Optimizing bank conflicts - problem with occupancy

Hello,

I’m trying to optimize a kernel I wrote for the linear transformation of Serpent encryption algorithm. All my memory reads are coalesced, but I had a lot of bank conflicts with too many threads accessing the same bank in the shared memory.

I’ve decided I’ll increase the shared memory usage, and have a spare word (32bit) unused, per each thread of execution, just so that the threads wont access the same shared memory banks. It did solve that issue and the kernel now runs a bit faster, but it also had a negative impact. One I have no idea why it happened.

The GPU’s occupancy dropped to 67%. Nothing changed in terms of register count (10 reg/thread), and the occupancy calculator says it should be at 100%. If anyone out there has any idea, please let me know. Also, if anyone has a better idea on how I can solve my bank conflict issue, it would be much appreciated.

– Liad Weinberger.


Using GeForce 8600GT (CC = 1.1 afaik)

Threads per block: 256

Shared memory size: 5120 Bytes

Registers per thread: 10


The kernel, after fixing the bank conflict issue:

[codebox]global void sLTransKernel(unsigned int *d_data, unsigned int sz)

{

extern __shared__ unsigned int s_data[];

unsigned int i, gIdx;

// First of all, read 4 input words (32bit each) into shared memory , in a coalesced manner.

// Thread n will read words 0 + n, 256 + n, 512 + n, and 768 + n.

for (i = 0; i < 4; i++)

{

	gIdx = blockIdx.x * blockDim.x * 4 + i * 256 + threadIdx.x;

	if (gIdx < sz)

		s_data[i * 320 + threadIdx.x + (threadIdx.x / 4)] = d_data[gIdx];

}

// Synchronize the threads.

__syncthreads();

// Now, transform the 4 words of input (totaling 128bit).

// Thread n will transform words 0 + n, 1 + n, 2 + n, 3 + n.

i = threadIdx.x * 5;

s_data[i] = (s_data[i] << 13) | (s_data[i] >> 19);				// X0 := X0 <<< 13

s_data[i+2] = (s_data[i+2] << 3) | (s_data[i+2] >> 29);			// X2 := X2 <<< 3

s_data[i+1] = s_data[i+1] ^ s_data[i] ^ s_data[i+2];			// X1 := X1 ⊕ X0 ⊕ X2

s_data[i+3] = s_data[i+3] ^ s_data[i+2] ^ (s_data[i] << 3);		// X3 := X3 ⊕ X2 ⊕ (X0 << 3)

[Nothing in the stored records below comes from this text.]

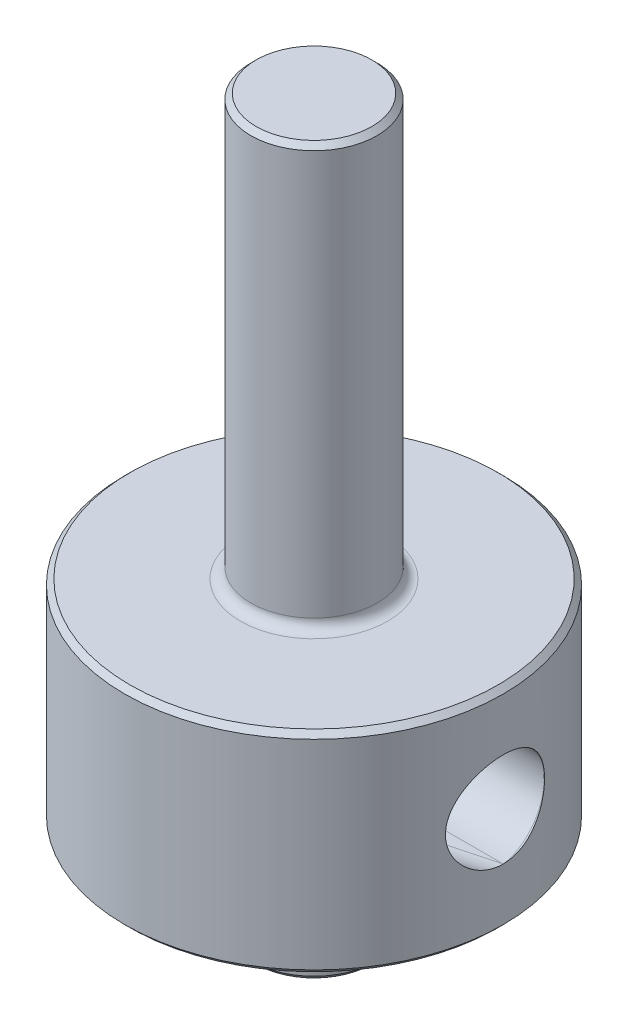
SolidWorks part; units mm, degrees
ref_plane "Plano frontal" through (0, 0, 0) normal (0, 0, 1) x (1, 0, 0)
ref_plane "Plano superior" through (0, 0, 0) normal (0, 1, 0) x (1, 0, 0)
ref_plane "Plano direito" through (0, 0, 0) normal (1, 0, 0) x (0, 0, -1)
sketch "Esboço1" plane through (0, 0, 0) normal (0, 0, 1) x (1, 0, 0)
  line L0 (0, 0) -> (0, 26.74) construction
  line L1 (0, 0) -> (9, 0) construction
  line L2 (0, 25) -> (3, 25)
  line L3 (3, 5) -> (3, 25)
  line L4 (9, 5) -> (3, 5)
  line L11 (9, 5) -> (9, -5)
  line L12 (0, 25) -> (0, 0)
  line L17 (3, -5) -> (9, -5)
  line L18 (3, -9.5) -> (3, -5)
  line L21 (3, -9.5) -> (0, -9.5)
  line L22 (0, -9.5) -> (0, 0)
  point P16 (9, 0)
  dimension "D1" = 6
  dimension "D2" = 6
  dimension "D5" = 18
  dimension "D6" = 20
  dimension "D7" = 10
  dimension "D9" = 4.5
revolve "Revolução1" add sketch "Esboço1" angle 360 about L0
ref_plane "Plano1" through (-9, 0, 0) normal (-1, 0, 0) x (0, 0, 1)
ref_plane "Plano2" through (9, 0, 0) normal (1, 0, 0) x (0, 0, -1)
sketch "Esboço2" plane through (-9, 0, 0) normal (-1, 0, 0) x (0, 0, 1)
  circle A0 centre (0, 0) radius 2.25
  dimension "D1" = 4.5
extrude "Corte-extrusão2" cut sketch "Esboço2" against normal through all
sketch "Esboço4" plane through (0, 0, 0) normal (0, 1, 0) x (1, 0, 0)
  line L0 (9, 0) -> (-9, 0)
  line L1 (0, 0) -> (-7.7942, -4.5) construction
  line L2 (9, 0) -> (-7.7942, -4.5)
  arc A0 (8.7142, -2.25) -> (8.7142, 2.25) centre (0, 0) ccw construction
  circle A1 centre (0, 0) radius 9 construction
  dimension "D1" = 30
ref_plane "Plano3" through (-7.7942, 0, 4.5) normal (-0.9659, 0, 0.2588) x (0.2588, 0, 0.9659)
sketch "Esboço7" plane through (-7.7942, 0, 4.5) normal (-0.9659, 0, 0.2588) x (0.2588, 0, 0.9659)
  circle A0 centre (0, 0) radius 2.25
  dimension "D1" = 4.5
extrude "Corte-extrusão6" cut sketch "Esboço7" against normal through all both and the other way through all
sketch "Sketch1" plane through (0, 0, 0) normal (0, 1, 0) x (1, 0, 0)
  line L0 (9, 0) -> (-10.8444, 0)
  line L1 (-10.8444, 0) -> (-10.4288, -5.2059)
  line L2 (-10.4288, -5.2059) -> (9, 0)
  line L3 (9, 0) -> (-7.7942, -4.5) construction
extrude "Cut-Extrude1" cut sketch "Sketch1" against normal mid plane 4.5
sketch "Sketch2" plane through (0, 0, 0) normal (0, 0, 1) x (1, 0, 0)
  line L0 (8.5, -5) -> (9, 5)
  line L1 (-9, -5) -> (9, -5) construction
  line L2 (9, -55) -> (9, 55) construction
  line L3 (9, 5) -> (-9, 5) construction
  line L4 (9, 5) -> (9, -5)
  line L5 (9, -5) -> (8.5, -5)
  dimension "D1" = 0.5
revolve "Cut-Revolve1" [suppressed] cut sketch "Sketch2" angle 360
fillet "Fillet1" radius 0.5 2 edges at (0, -5, -3) (0, 5, -3)
chamfer "Chamfer1" distance 0.25 angle 45 2 edges at (0, -9.5, -3) (0, 25, -3)
chamfer "Chamfer3" [suppressed] distance 0.25 angle 45
chamfer "Chamfer4" distance 0.25 angle 45 2 edges at (0, -5, -9) (0, 5, -9)

s_data[i+1] = (s_data[i+1] << 1) | (s_data[i+1] >> 31);			// X1 := X1 <<< 1

s_data[i+3] = (s_data[i+3] << 7) | (s_data[i+3] >> 25);			// X3 := X3 <<< 7

s_data[i] = s_data[i] ^ s_data[i+1] ^ s_data[i+3];				// X0 := X0 ⊕ X1 ⊕ X3

s_data[i+2] = s_data[i+2] ^ s_data[i+3] ^ (s_data[i+1] << 7);	// X2 := X2 ⊕ X3 ⊕ (X1 << 7)

s_data[i] = (s_data[i] << 5) | (s_data[i] >> 27);				// X0 := X0 <<< 5

s_data[i+2] = (s_data[i+2] << 22) | (s_data[i+2] >> 10);		// X2 := X2 <<< 22

// Synchronize the threads.

__syncthreads();

// Now copy results back to global memory in a coalesced manner.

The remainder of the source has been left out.